__DIRECTIONS__: Every line in the entries that holds "also" should be identified and copied.

::::::::

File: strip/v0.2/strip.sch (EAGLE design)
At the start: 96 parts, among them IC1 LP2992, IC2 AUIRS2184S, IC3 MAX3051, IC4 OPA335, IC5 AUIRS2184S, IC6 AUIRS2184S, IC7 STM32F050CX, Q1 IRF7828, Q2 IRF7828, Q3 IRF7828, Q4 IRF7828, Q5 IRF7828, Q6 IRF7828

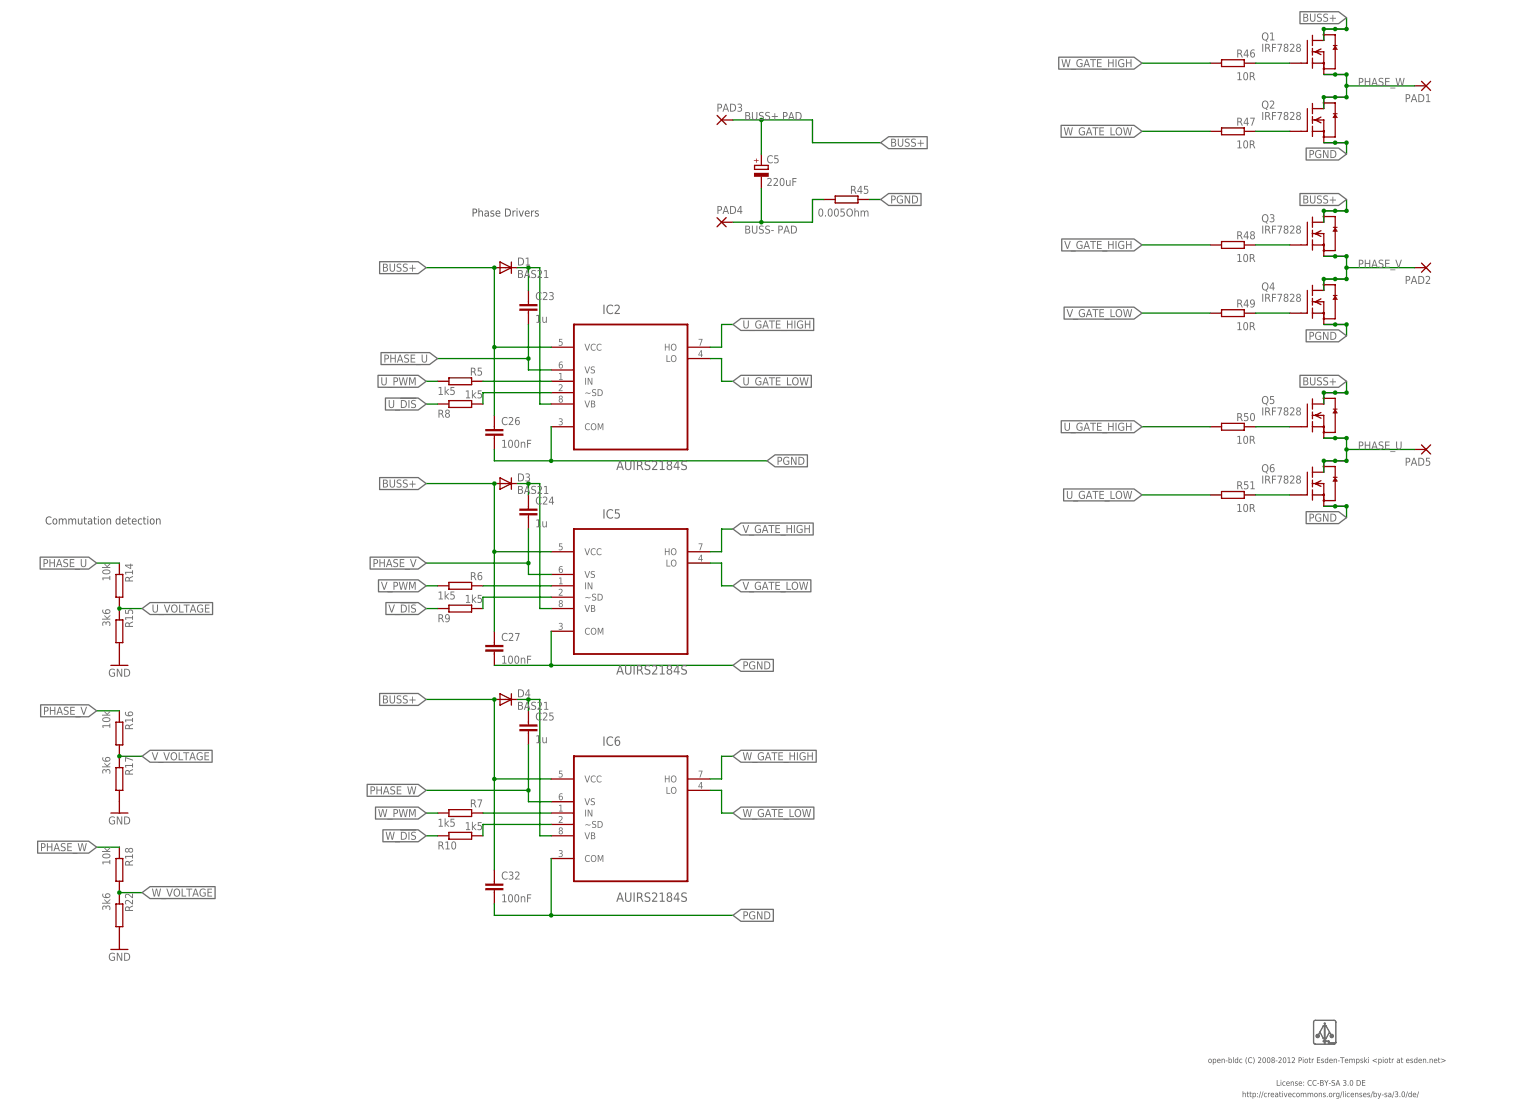
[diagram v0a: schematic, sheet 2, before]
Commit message: Updated bootstrap circuit.
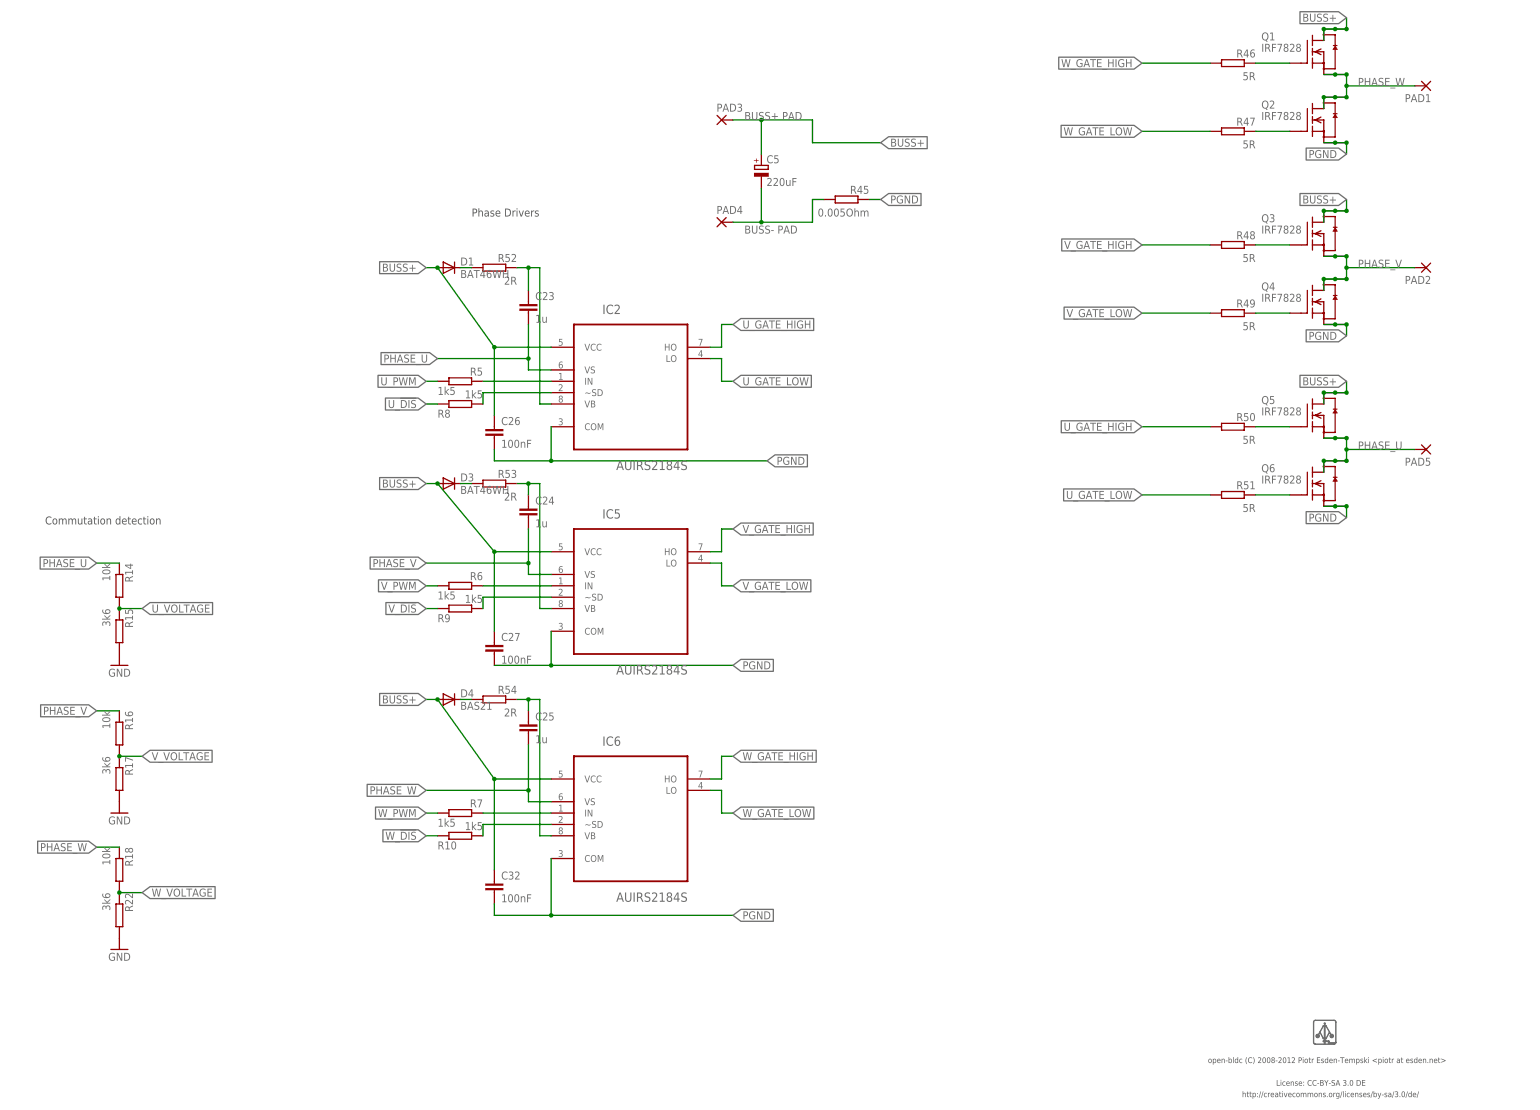
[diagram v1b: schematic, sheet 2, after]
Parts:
- added R52, R53, R54: 2R, pel_dipol_comp:RESISTOR-0402
- D1, D3: value BAS21 -> BAT46WH
- R46, R47, R48, R49, R50, R51: value 10R -> 5R
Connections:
- new net N$1: D1.C, R52.2
- new net N$2: D4.C, R54.2
- new net N$3: D3.C, R53.2
- net U_VB: now also R52.1; no longer D1.C
- net V_VB: now also R53.1; no longer D3.C
- net W_VB: now also R54.1; no longer D4.C
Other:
- moved on the sheet: D1, D3, D4
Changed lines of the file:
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@@
 <part name="GND30" library="supply1" deviceset="GND" device=""/>
 <part name="FRAME2" library="frames" deviceset="A3L-LOC" device=""/>
-<part name="D1" library="pel_dipol_comp" deviceset="DIODE" device="-SOD-123" value="BAS21">
+<part name="D1" library="pel_dipol_comp" deviceset="DIODE" device="-SOD-123" value="BAT46WH">
 <attribute name="PARTNO" value="*"/>
 </part>
@@
 </part>
 <part name="GND7" library="supply1" deviceset="GND" device=""/>
-<part name="D3" library="pel_dipol_comp" deviceset="DIODE" device="-SOD-123" value="BAS21">
+<part name="D3" library="pel_dipol_comp" deviceset="DIODE" device="-SOD-123" value="BAT46WH">
 <attribute name="PARTNO" value="*"/>
 </part>
@@
 <attribute name="PARTNO" value="res-1206-0005"/>
 </part>
-<part name="R46" library="pel_dipol_comp" deviceset="RESISTOR" device="-0603" value="10R">
+<part name="R46" library="pel_dipol_comp" deviceset="RESISTOR" device="-0603" value="5R">
 <attribute name="PARTNO" value="res-0402-10"/>
 </part>
-<part name="R47" library="pel_dipol_comp" deviceset="RESISTOR" device="-0603" value="10R">
+<part name="R47" library="pel_dipol_comp" deviceset="RESISTOR" device="-0603" value="5R">
 <attribute name="PARTNO" value="res-0402-10"/>
 </part>
-<part name="R48" library="pel_dipol_comp" deviceset="RESISTOR" device="-0603" value="10R">
+<part name="R48" library="pel_dipol_comp" deviceset="RESISTOR" device="-0603" value="5R">
 <attribute name="PARTNO" value="res-0402-10"/>
 </part>
-<part name="R49" library="pel_dipol_comp" deviceset="RESISTOR" device="-0603" value="10R">
+<part name="R49" library="pel_dipol_comp" deviceset="RESISTOR" device="-0603" value="5R">
 <attribute name="PARTNO" value="res-0402-10"/>
 </part>
-<part name="R50" library="pel_dipol_comp" deviceset="RESISTOR" device="-0603" value="10R">
+<part name="R50" library="pel_dipol_comp" deviceset="RESISTOR" device="-0603" value="5R">
 <attribute name="PARTNO" value="res-0402-10"/>
 </part>
-<part name="R51" library="pel_dipol_comp" deviceset="RESISTOR" device="-0603" value="10R">
+<part name="R51" library="pel_dipol_comp" deviceset="RESISTOR" device="-0603" value="5R">
 <attribute name="PARTNO" value="res-0402-10"/>
 </part>
@@
 <part name="J3" library="pel_jumpers" deviceset="SQ_JMP" device="-0402">
 <attribute name="PARTNO" value="res-0402-0"/>
+</part>
+<part name="R52" library="pel_dipol_comp" deviceset="RESISTOR" device="-0402" value="2R">
+<attribute name="PARTNO" value="res-0402-10"/>
+</part>
+<part name="R53" library="pel_dipol_comp" deviceset="RESISTOR" device="-0402" value="2R">
+<attribute name="PARTNO" value="res-0402-10"/>
+</part>
+<part name="R54" library="pel_dipol_comp" deviceset="RESISTOR" device="-0402" value="2R">
+<attribute name="PARTNO" value="res-0402-10"/>
 </part>
 </parts>
@@
 <instances>
 <instance part="FRAME2" gate="G$1" x="0" y="0"/>
-<instance part="D1" gate="G$1" x="132.08" y="190.5">
-<attribute name="PARTNO" x="132.08" y="190.5" size="1.778" layer="96" rot="R90" display="off"/>
+<instance part="D1" gate="G$1" x="119.38" y="190.5">
+<attribute name="PARTNO" x="119.38" y="190.5" size="1.778" layer="96" rot="R90" display="off"/>
 </instance>
 <instance part="C23" gate="G$1" x="137.16" y="182.88">
 <attribute name="PARTNO" x="137.16" y="182.88" size="1.778" layer="96" rot="R180" display="off"/>
 </instance>
-<instance part="D3" gate="G$1" x="132.08" y="142.24">
-<attribute name="PARTNO" x="132.08" y="142.24" size="1.778" layer="96" rot="R90" display="off"/>
+<instance part="D3" gate="G$1" x="119.38" y="142.24">
+<attribute name="PARTNO" x="119.38" y="142.24" size="1.778" layer="96" rot="R90" display="off"/>
 </instance>
 <instance part="C24" gate="G$1" x="137.16" y="137.16">
 <attribute name="PARTNO" x="137.16" y="137.16" size="1.778" layer="96" rot="R180" display="off"/>
 </instance>
-<instance part="D4" gate="G$1" x="132.08" y="93.98">
-<attribute name="PARTNO" x="132.08" y="93.98" size="1.778" layer="96" rot="R90" display="off"/>
+<instance part="D4" gate="G$1" x="119.38" y="93.98">
+<attribute name="PARTNO" x="119.38" y="93.98" size="1.778" layer="96" rot="R90" display="off"/>
 </instance>
 <instance part="C25" gate="G$1" x="137.16" y="88.9">
@@
 <instance part="U$2" gate="G$1" x="315.214" y="19.304">
 <attribute name="PARTNO" x="315.214" y="19.304" size="1.778" layer="96" display="off"/>
+</instance>
+<instance part="R52" gate="G$1" x="129.54" y="190.5" rot="R180">
+<attribute name="PARTNO" x="129.54" y="190.5" size="1.778" layer="96" display="off"/>
+</instance>
+<instance part="R53" gate="G$1" x="129.54" y="142.24" rot="R180">
+<attribute name="PARTNO" x="129.54" y="142.24" size="1.778" layer="96" display="off"/>
+</instance>
+<instance part="R54" gate="G$1" x="129.54" y="93.98" rot="R180">
+<attribute name="PARTNO" x="129.54" y="93.98" size="1.778" layer="96" display="off"/>
 </instance>
 </instances>
@@
 <segment>
 <wire x1="137.16" y1="139.7" x2="137.16" y2="142.24" width="0.1524" layer="91"/>
-<wire x1="134.62" y1="142.24" x2="137.16" y2="142.24" width="0.1524" layer="91"/>
 <pinref part="C24" gate="G$1" pin="1"/>
-<pinref part="D3" gate="G$1" pin="C"/>
-<junction x="137.16" y="142.24"/>
 <pinref part="IC5" gate="A" pin="VB"/>
 <wire x1="142.24" y1="114.3" x2="139.7" y2="114.3" width="0.1524" layer="91"/>
 <wire x1="139.7" y1="114.3" x2="139.7" y2="142.24" width="0.1524" layer="91"/>
 <wire x1="139.7" y1="142.24" x2="137.16" y2="142.24" width="0.1524" layer="91"/>
+<pinref part="R53" gate="G$1" pin="1"/>
+<wire x1="134.62" y1="142.24" x2="137.16" y2="142.24" width="0.1524" layer="91"/>
+<junction x="137.16" y="142.24"/>
 </segment>
 </net>
@@
 <segment>
 <wire x1="137.16" y1="91.44" x2="137.16" y2="93.98" width="0.1524" layer="91"/>
-<wire x1="134.62" y1="93.98" x2="137.16" y2="93.98" width="0.1524" layer="91"/>
 <pinref part="C25" gate="G$1" pin="1"/>
-<pinref part="D4" gate="G$1" pin="C"/>
-<junction x="137.16" y="93.98"/>
 <wire x1="137.16" y1="93.98" x2="139.7" y2="93.98" width="0.1524" layer="91"/>
 <wire x1="139.7" y1="93.98" x2="139.7" y2="63.5" width="0.1524" layer="91"/>
 <pinref part="IC6" gate="A" pin="VB"/>
 <wire x1="139.7" y1="63.5" x2="142.24" y2="63.5" width="0.1524" layer="91"/>
+<pinref part="R54" gate="G$1" pin="1"/>
+<wire x1="134.62" y1="93.98" x2="137.16" y2="93.98" width="0.1524" layer="91"/>
+<junction x="137.16" y="93.98"/>
 </segment>
 </net>
@@
 </segment>
 <segment>
-<wire x1="114.3" y1="190.5" x2="129.54" y2="190.5" width="0.1524" layer="91"/>
-<junction x="129.54" y="190.5"/>
+<wire x1="114.3" y1="190.5" x2="116.84" y2="190.5" width="0.1524" layer="91"/>
+<junction x="116.84" y="190.5"/>
 <pinref part="D1" gate="G$1" pin="A"/>
 <label x="114.3" y="190.5" size="1.778" layer="95" rot="R180" xref="yes"/>
@@
 <pinref part="C26" gate="G$1" pin="1"/>
 <junction x="129.54" y="172.72"/>
-<wire x1="129.54" y1="172.72" x2="129.54" y2="190.5" width="0.1524" layer="91"/>
+<wire x1="129.54" y1="172.72" x2="116.84" y2="190.5" width="0.1524" layer="91"/>
 <pinref part="IC2" gate="A" pin="VCC"/>
 </segment>
 <segment>
-<wire x1="114.3" y1="142.24" x2="129.54" y2="142.24" width="0.1524" layer="91"/>
+<wire x1="114.3" y1="142.24" x2="116.84" y2="142.24" width="0.1524" layer="91"/>
 <wire x1="129.54" y1="109.22" x2="129.54" y2="127" width="0.1524" layer="91"/>
-<junction x="129.54" y="142.24"/>
+<junction x="116.84" y="142.24"/>
 <pinref part="D3" gate="G$1" pin="A"/>
 <label x="114.3" y="142.24" size="1.778" layer="95" rot="R180" xref="yes"/>
 <pinref part="C27" gate="G$1" pin="1"/>
 <junction x="129.54" y="127"/>
-<wire x1="129.54" y1="127" x2="129.54" y2="142.24" width="0.1524" layer="91"/>
+<wire x1="129.54" y1="127" x2="116.84" y2="142.24" width="0.1524" layer="91"/>
 <pinref part="IC5" gate="A" pin="VCC"/>
 <wire x1="142.24" y1="127" x2="129.54" y2="127" width="0.1524" layer="91"/>
 </segment>
 <segment>
-<wire x1="114.3" y1="93.98" x2="129.54" y2="93.98" width="0.1524" layer="91"/>
+<wire x1="114.3" y1="93.98" x2="116.84" y2="93.98" width="0.1524" layer="91"/>
 <wire x1="142.24" y1="76.2" x2="129.54" y2="76.2" width="0.1524" layer="91"/>
-<wire x1="129.54" y1="76.2" x2="129.54" y2="93.98" width="0.1524" layer="91"/>
-<junction x="129.54" y="93.98"/>
+<wire x1="129.54" y1="76.2" x2="116.84" y2="93.98" width="0.1524" layer="91"/>
+<junction x="116.84" y="93.98"/>
 <pinref part="D4" gate="G$1" pin="A"/>
 <pinref part="IC6" gate="A" pin="VCC"/>
@@
 <net name="U_VB" class="0">
 <segment>
-<pinref part="D1" gate="G$1" pin="C"/>
 <pinref part="C23" gate="G$1" pin="1"/>
-<wire x1="134.62" y1="190.5" x2="137.16" y2="190.5" width="0.1524" layer="91"/>
 <wire x1="137.16" y1="190.5" x2="137.16" y2="185.42" width="0.1524" layer="91"/>
-<junction x="137.16" y="190.5"/>
 <wire x1="137.16" y1="190.5" x2="139.7" y2="190.5" width="0.1524" layer="91"/>
 <wire x1="139.7" y1="190.5" x2="139.7" y2="160.02" width="0.1524" layer="91"/>
 <pinref part="IC2" gate="A" pin="VB"/>
 <wire x1="139.7" y1="160.02" x2="142.24" y2="160.02" width="0.1524" layer="91"/>
+<pinref part="R52" gate="G$1" pin="1"/>
+<wire x1="134.62" y1="190.5" x2="137.16" y2="190.5" width="0.1524" layer="91"/>
+<junction x="137.16" y="190.5"/>
 </segment>
 </net>
@@
 </segment>
 </net>
+<net name="N$1" class="0">
+<segment>
+<pinref part="D1" gate="G$1" pin="C"/>
+<pinref part="R52" gate="G$1" pin="2"/>
+<wire x1="121.92" y1="190.5" x2="124.46" y2="190.5" width="0.1524" layer="91"/>
+</segment>
+</net>
+<net name="N$2" class="0">
+<segment>
+<pinref part="D4" gate="G$1" pin="C"/>
+<pinref part="R54" gate="G$1" pin="2"/>
+<wire x1="121.92" y1="93.98" x2="124.46" y2="93.98" width="0.1524" layer="91"/>
+</segment>
+</net>
+<net name="N$3" class="0">
+<segment>
+<pinref part="D3" gate="G$1" pin="C"/>
+<pinref part="R53" gate="G$1" pin="2"/>
+<wire x1="121.92" y1="142.24" x2="124.46" y2="142.24" width="0.1524" layer="91"/>
+</segment>
+</net>

::::::::

__WRITTEN REPLY__:
- net U_VB: now also R52.1; no longer D1.C
- net V_VB: now also R53.1; no longer D3.C
- net W_VB: now also R54.1; no longer D4.C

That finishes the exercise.